# Bethak - The Desi Lounge > Love & Relationships >  When in Love ?

## mytonse

Hello,

This topic is sincerely for the ones who understand Luv or are in it themselves.Express yourselves metaphorically ..No film dialogs..Make it frank.

Minors not allowed..Just got 18 na..Using my Adult power..Kidding .

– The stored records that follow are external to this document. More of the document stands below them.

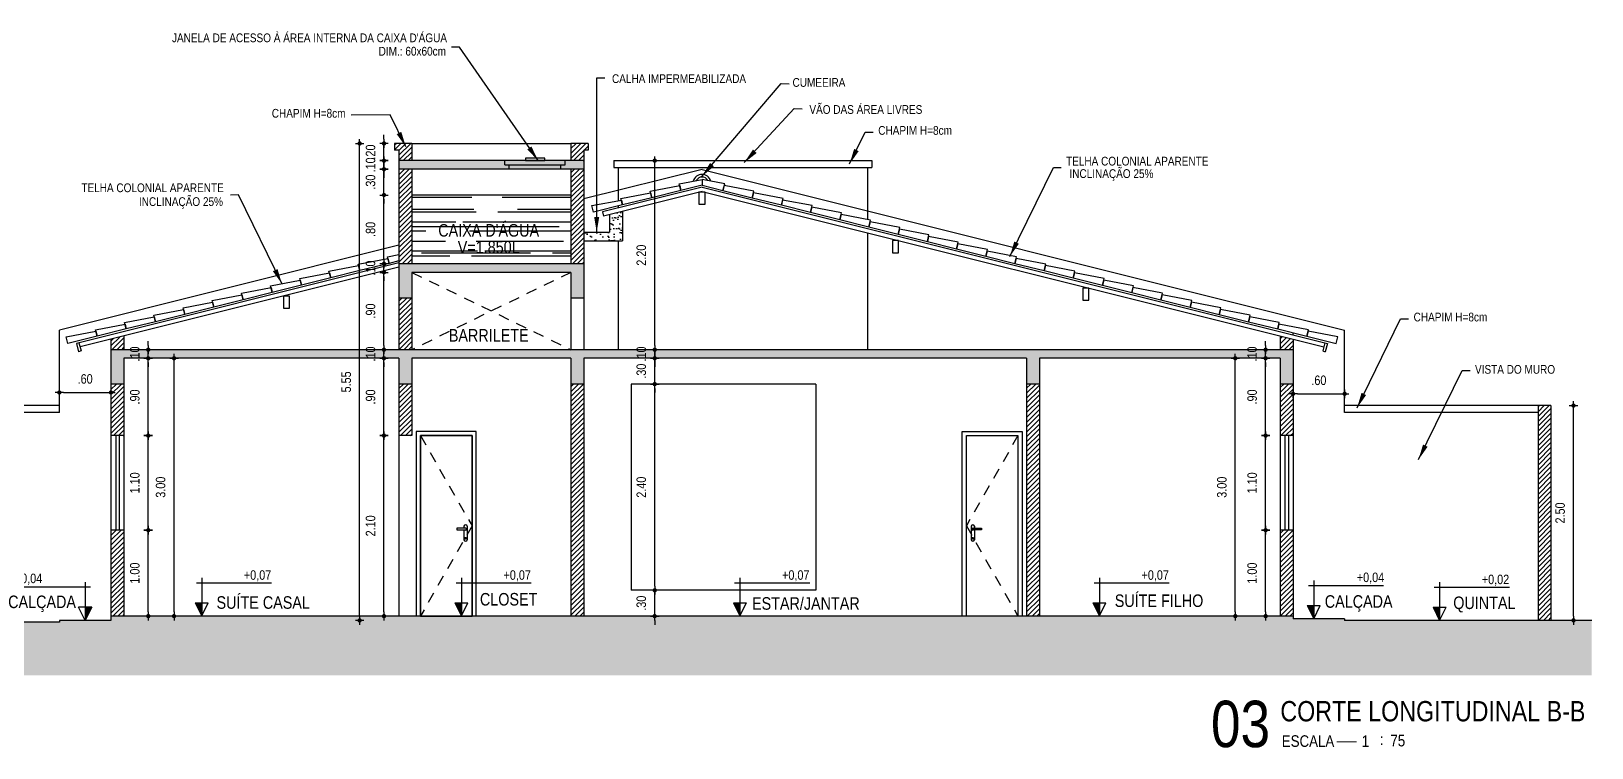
# Model space of a CAD drawing. Header units: millimetres. Extents: x 4762.7 to 4825.8, y 962.1 to 1006.6.
# Drawn here: x 4791.24 to 4809.39, y 986.89 to 995.23 of the extents above; entities that cross this region are included whole.
import ezdxf
from ezdxf.enums import TextEntityAlignment as Align

# ---------------------------------------------------------------- set-up
doc = ezdxf.new("R2010")
doc.units = ezdxf.units.MM
doc.linetypes.add('HIDDEN2', pattern=[0.1875, 0.125, -0.0625])
for name, color, linetype in [('COTA', 7, 'Continuous'), ('E-hatch', 8, 'Continuous'), ('E-Pen-B', 5, 'Continuous'), ('E-pen-m', 6, 'Continuous'), ('E-pen-y', 2, 'Continuous'), ('E-txt-g', 3, 'Continuous'), ('E-TXT-Y', 2, 'Continuous'), ('LAYER1', 2, 'Continuous'), ('LINHA PISO', 9, 'Continuous')]:
    doc.layers.add(name, color=color, linetype=linetype)
doc.layers.add('E-Cta-W', color=7, linetype='Continuous', lineweight=20)
doc.layers.add('E-Txt-W', color=7, linetype='Continuous', lineweight=20)
doc.styles.add('F2', font='ARIALN.TTF')
doc.styles.add('REG60', font='romans.shx', dxfattribs={"width": 0.8, "height": 0.15})
doc.styles.add('REG80', font='romans.shx', dxfattribs={"width": 0.8, "height": 0.2})
doc.styles.get("Standard").update_dxf_attribs({"font": 'arial.ttf'})
doc.dimstyles.new('ARQUITETURA', dxfattribs={"dimtxt": 0.11, "dimasz": 0.05, "dimexe": 0.1, "dimexo": 0, "dimgap": 0.1, "dimtad": 1, "dimzin": 5, "dimdsep": 46, "dimtxsty": 'F2', "dimblk": 'COTA', "dimcen": 0, "dimse1": 1, "dimse2": 1, "dimadec": 0, "dimazin": 0, "dimtfac": 2, "dimtix": 1, "dimtmove": 2, "dimatfit": 3, "dimldrblk": 'COTA', "dimfxl": 1, "dimtolj": 1, "dimtzin": 5, "dimarcsym": 0})
doc.dimstyles.get("Standard").update_dxf_attribs({"dimtxt": 0.18, "dimasz": 0.18, "dimexe": 0.18, "dimexo": 0.0625, "dimgap": 0.09, "dimtad": 0, "dimtih": 1, "dimtoh": 1, "dimdec": 4, "dimzin": 0, "dimdsep": 46, "dimtxsty": 'Standard', "dimcen": 0.09, "dimadec": 0, "dimazin": 0, "dimtfac": 1, "dimtdec": 4, "dimtofl": 0, "dimtmove": 0, "dimatfit": 3, "dimfxl": 1, "dimtolj": 1, "dimtzin": 0, "dimarcsym": 0})

# ---------------------------------------------------------------- blocks, each defined once
blk = doc.blocks.new('TXT-AMB75')
at = {"layer": 'E-txt-g', "style": 'REG80', "width": 0.8, "flags": 8}
blk.add_attdef('TXT', text='', height=0.2, dxfattribs=at).set_placement((0.005, 0.296), align=Align.CENTER)
at = {"layer": 'E-Txt-W', "style": 'REG60', "width": 0.8, "flags": 8}
blk.add_attdef('TXT', text='', height=0.15, dxfattribs=at).set_placement((0.005, 0.027), align=Align.CENTER)
blk = doc.blocks.new('COTA')
at = {"layer": 'COTA'}
for p, q in [((-1, 0), (1, 0)), ((0, 1), (0, -1))]:
    blk.add_line(p, q, dxfattribs=at)
at = {"layer": 'COTA', "const_width": 0.5}
blk.add_lwpolyline([(-0.25, 0, 1), (0.25, 0, 1)], format="xyb", close=True, dxfattribs=at)
blk = doc.blocks.new('*D422')
at = {"color": 0, "lineweight": -2}
blk.add_line((4792.597, 988.473), (4792.597, 989.373), dxfattribs=at)
at = {"color": 0, "lineweight": -2, "xscale": 0.05, "yscale": 0.05, "zscale": 0.05}
for p, rotation in [((4792.597, 989.423), 90), ((4792.597, 988.423), 270)]:
    blk.add_blockref('COTA', p, dxfattribs=dict(at, rotation=rotation))
at = {"color": 0, "insert": (4792.441, 988.923), "char_height": 0.11, "attachment_point": 5, "rotation": 90, "style": 'F2'}
blk.add_mtext('\\A1;1.00', dxfattribs=at)
blk = doc.blocks.new('*D423')
at = {"color": 0, "lineweight": -2}
blk.add_line((4792.597, 989.473), (4792.597, 990.473), dxfattribs=at)
at = {"color": 0, "lineweight": -2, "xscale": 0.05, "yscale": 0.05, "zscale": 0.05}
for p, rotation in [((4792.597, 990.523), 90), ((4792.597, 989.423), 270)]:
    blk.add_blockref('COTA', p, dxfattribs=dict(at, rotation=rotation))
at = {"color": 0, "insert": (4792.441, 989.973), "char_height": 0.11, "attachment_point": 5, "rotation": 90, "style": 'F2'}
blk.add_mtext('\\A1;1.10', dxfattribs=at)
blk = doc.blocks.new('*D424')
at = {"color": 0, "lineweight": -2}
blk.add_line((4792.597, 990.573), (4792.597, 991.373), dxfattribs=at)
at = {"color": 0, "lineweight": -2, "xscale": 0.05, "yscale": 0.05, "zscale": 0.05}
for p, rotation in [((4792.597, 991.423), 90), ((4792.597, 990.523), 270)]:
    blk.add_blockref('COTA', p, dxfattribs=dict(at, rotation=rotation))
at = {"color": 0, "insert": (4792.441, 990.973), "char_height": 0.11, "attachment_point": 5, "rotation": 90, "style": 'F2'}
blk.add_mtext('\\A1;.90', dxfattribs=at)
blk = doc.blocks.new('*D425')
at = {"color": 0, "lineweight": -2}
for p, q in [((4792.597, 991.573), (4792.597, 991.623)), ((4792.597, 991.423), (4792.597, 991.523)), ((4792.597, 991.373), (4792.597, 991.323))]:
    blk.add_line(p, q, dxfattribs=at)
at = {"color": 0, "lineweight": -2, "xscale": 0.05, "yscale": 0.05, "zscale": 0.05}
for p, rotation in [((4792.597, 991.523), 270), ((4792.597, 991.423), 90)]:
    blk.add_blockref('COTA', p, dxfattribs=dict(at, rotation=rotation))
at = {"color": 0, "insert": (4792.441, 991.473), "char_height": 0.11, "attachment_point": 5, "rotation": 90, "style": 'F2'}
blk.add_mtext('\\A1;.10', dxfattribs=at)
blk = doc.blocks.new('*D403')
at = {"color": 0, "lineweight": -2}
blk.add_line((4792.897, 988.473), (4792.897, 991.373), dxfattribs=at)
at = {"color": 0, "lineweight": -2, "xscale": 0.05, "yscale": 0.05, "zscale": 0.05}
for p, rotation in [((4792.897, 991.423), 90), ((4792.897, 988.423), 270)]:
    blk.add_blockref('COTA', p, dxfattribs=dict(at, rotation=rotation))
at = {"color": 0, "insert": (4792.741, 989.923), "char_height": 0.11, "attachment_point": 5, "rotation": 90, "style": 'F2'}
blk.add_mtext('\\A1;3.00', dxfattribs=at)
blk = doc.blocks.new('*D426')
at = {"color": 0, "lineweight": -2}
blk.add_line((4795.339, 988.473), (4795.339, 990.473), dxfattribs=at)
at = {"color": 0, "lineweight": -2, "xscale": 0.05, "yscale": 0.05, "zscale": 0.05}
for p, rotation in [((4795.339, 990.523), 90), ((4795.339, 988.423), 270)]:
    blk.add_blockref('COTA', p, dxfattribs=dict(at, rotation=rotation))
at = {"color": 0, "insert": (4795.183, 989.473), "char_height": 0.11, "attachment_point": 5, "rotation": 90, "style": 'F2'}
blk.add_mtext('\\A1;2.10', dxfattribs=at)
blk = doc.blocks.new('*D427')
at = {"color": 0, "lineweight": -2}
blk.add_line((4795.339, 990.573), (4795.339, 991.373), dxfattribs=at)
at = {"color": 0, "lineweight": -2, "xscale": 0.05, "yscale": 0.05, "zscale": 0.05}
for p, rotation in [((4795.339, 991.423), 90), ((4795.339, 990.523), 270)]:
    blk.add_blockref('COTA', p, dxfattribs=dict(at, rotation=rotation))
at = {"color": 0, "insert": (4795.183, 990.973), "char_height": 0.11, "attachment_point": 5, "rotation": 90, "style": 'F2'}
blk.add_mtext('\\A1;.90', dxfattribs=at)
blk = doc.blocks.new('*D428')
at = {"color": 0, "lineweight": -2}
for p, q in [((4795.339, 991.573), (4795.339, 991.623)), ((4795.339, 991.423), (4795.339, 991.523)), ((4795.339, 991.373), (4795.339, 991.323))]:
    blk.add_line(p, q, dxfattribs=at)
at = {"color": 0, "lineweight": -2, "xscale": 0.05, "yscale": 0.05, "zscale": 0.05}
for p, rotation in [((4795.339, 991.523), 270), ((4795.339, 991.423), 90)]:
    blk.add_blockref('COTA', p, dxfattribs=dict(at, rotation=rotation))
at = {"color": 0, "insert": (4795.183, 991.473), "char_height": 0.11, "attachment_point": 5, "rotation": 90, "style": 'F2'}
blk.add_mtext('\\A1;.10', dxfattribs=at)
blk = doc.blocks.new('*D429')
at = {"color": 0, "lineweight": -2}
blk.add_line((4795.339, 991.573), (4795.339, 992.373), dxfattribs=at)
at = {"color": 0, "lineweight": -2, "xscale": 0.05, "yscale": 0.05, "zscale": 0.05}
for p, rotation in [((4795.339, 992.423), 90), ((4795.339, 991.523), 270)]:
    blk.add_blockref('COTA', p, dxfattribs=dict(at, rotation=rotation))
at = {"color": 0, "insert": (4795.183, 991.973), "char_height": 0.11, "attachment_point": 5, "rotation": 90, "style": 'F2'}
blk.add_mtext('\\A1;.90', dxfattribs=at)
blk = doc.blocks.new('*D430')
at = {"color": 0, "lineweight": -2}
for p, q in [((4795.339, 992.573), (4795.339, 992.623)), ((4795.339, 992.423), (4795.339, 992.523)), ((4795.339, 992.373), (4795.339, 992.323))]:
    blk.add_line(p, q, dxfattribs=at)
at = {"color": 0, "lineweight": -2, "xscale": 0.05, "yscale": 0.05, "zscale": 0.05}
for p, rotation in [((4795.339, 992.523), 270), ((4795.339, 992.423), 90)]:
    blk.add_blockref('COTA', p, dxfattribs=dict(at, rotation=rotation))
at = {"color": 0, "insert": (4795.183, 992.473), "char_height": 0.11, "attachment_point": 5, "rotation": 90, "style": 'F2'}
blk.add_mtext('\\A1;.10', dxfattribs=at)
blk = doc.blocks.new('*D431')
at = {"color": 0, "lineweight": -2}
blk.add_line((4795.339, 992.573), (4795.339, 993.273), dxfattribs=at)
at = {"color": 0, "lineweight": -2, "xscale": 0.05, "yscale": 0.05, "zscale": 0.05}
for p, rotation in [((4795.339, 993.323), 90), ((4795.339, 992.523), 270)]:
    blk.add_blockref('COTA', p, dxfattribs=dict(at, rotation=rotation))
at = {"color": 0, "insert": (4795.183, 992.923), "char_height": 0.11, "attachment_point": 5, "rotation": 90, "style": 'F2'}
blk.add_mtext('\\A1;.80', dxfattribs=at)
blk = doc.blocks.new('*D432')
at = {"color": 0, "lineweight": -2}
for p, q in [((4795.339, 993.673), (4795.339, 993.723)), ((4795.339, 993.323), (4795.339, 993.623)), ((4795.339, 993.273), (4795.339, 993.223))]:
    blk.add_line(p, q, dxfattribs=at)
at = {"color": 0, "lineweight": -2, "xscale": 0.05, "yscale": 0.05, "zscale": 0.05}
for p, rotation in [((4795.339, 993.623), 270), ((4795.339, 993.323), 90)]:
    blk.add_blockref('COTA', p, dxfattribs=dict(at, rotation=rotation))
at = {"color": 0, "insert": (4795.183, 993.473), "char_height": 0.11, "attachment_point": 5, "rotation": 90, "style": 'F2'}
blk.add_mtext('\\A1;.30', dxfattribs=at)
blk = doc.blocks.new('*D433')
at = {"color": 0, "lineweight": -2}
for p, q in [((4795.339, 993.773), (4795.339, 993.823)), ((4795.339, 993.623), (4795.339, 993.723)), ((4795.339, 993.573), (4795.339, 993.523))]:
    blk.add_line(p, q, dxfattribs=at)
at = {"color": 0, "lineweight": -2, "xscale": 0.05, "yscale": 0.05, "zscale": 0.05}
for p, rotation in [((4795.339, 993.723), 270), ((4795.339, 993.623), 90)]:
    blk.add_blockref('COTA', p, dxfattribs=dict(at, rotation=rotation))
at = {"color": 0, "insert": (4795.183, 993.673), "char_height": 0.11, "attachment_point": 5, "rotation": 90, "style": 'F2'}
blk.add_mtext('\\A1;.10', dxfattribs=at)
blk = doc.blocks.new('*D434')
at = {"color": 0, "lineweight": -2}
for p, q in [((4795.339, 993.973), (4795.339, 994.023)), ((4795.339, 993.723), (4795.339, 993.923)), ((4795.339, 993.673), (4795.339, 993.623))]:
    blk.add_line(p, q, dxfattribs=at)
at = {"color": 0, "lineweight": -2, "xscale": 0.05, "yscale": 0.05, "zscale": 0.05}
for p, rotation in [((4795.339, 993.923), 270), ((4795.339, 993.723), 90)]:
    blk.add_blockref('COTA', p, dxfattribs=dict(at, rotation=rotation))
at = {"color": 0, "insert": (4795.183, 993.823), "char_height": 0.11, "attachment_point": 5, "rotation": 90, "style": 'F2'}
blk.add_mtext('\\A1;.20', dxfattribs=at)
blk = doc.blocks.new('*D435')
at = {"color": 0, "lineweight": -2}
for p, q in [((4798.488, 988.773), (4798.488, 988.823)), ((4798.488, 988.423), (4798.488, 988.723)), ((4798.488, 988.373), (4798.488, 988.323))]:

Ill paste as soon as i see someone respond.I hate to see my notes among the dead.

M.Y.Tonse

----------


## quintocent

yeah im in love too......see when ur in love .....hum kissi cheez ka koi khiyal nahi kertay i mean that we dont note that we are wasting our tution time or study time......we just get mad in love......it happened with me....but it was thru sms.....so i just became a pranko of using cell all time.....and the most koool thing was this that we both were using djuice in which one sms costs only 0.23 paisa.........so daily i used to send her abt hundreds of sms and she also.........aisay hee thori kehtay hain EVERYTHING IS FAIR IN LOVE AND WAR......

----------


## ArmaaN

llol yeh sms aur djuice kahan se agayaa haie beech mein :rolling;

----------


## mytonse

Quite a story Quintocent.

Armaan would you please stop the nonsense..I had requested that those who dont understand please keep out.Its sentiments that we discussing here.More of a survey.

----------


## Kainaat

Mytonse agar kisi ko samjh mein nai aya hai to woh yahan par post kyoun nai kar sakta, shayad uske post karne aur aapke samjhane par samjh a jaye  :Smile: 
And plz don't be so harsh, pyaar se samjha dein  :Smile: 


Shoaib plz aap kisi ki feelings ka mazaq na urain  :Smile:

----------


## Endurer

Nay I can't be as eloquent as you fine people are.

I have been a victim of contradictions & I am not sure if I 'was' really the person she deserved. She's moved on whereas

----------


## ArmaaN

ok mytonse! you don't need to be so angry.. I'll not post at your topics anymore  :Smile:

----------


## mytonse

@ Armaan.I am really sorry if you see it harsh.I was really serious while taking this topic down.I had feeling and wanted to cross check.More of bad day then.I  truly regret my mistake. These days i am not well.I would like to see you reply to all my posts in context of the right behaviourial pattern.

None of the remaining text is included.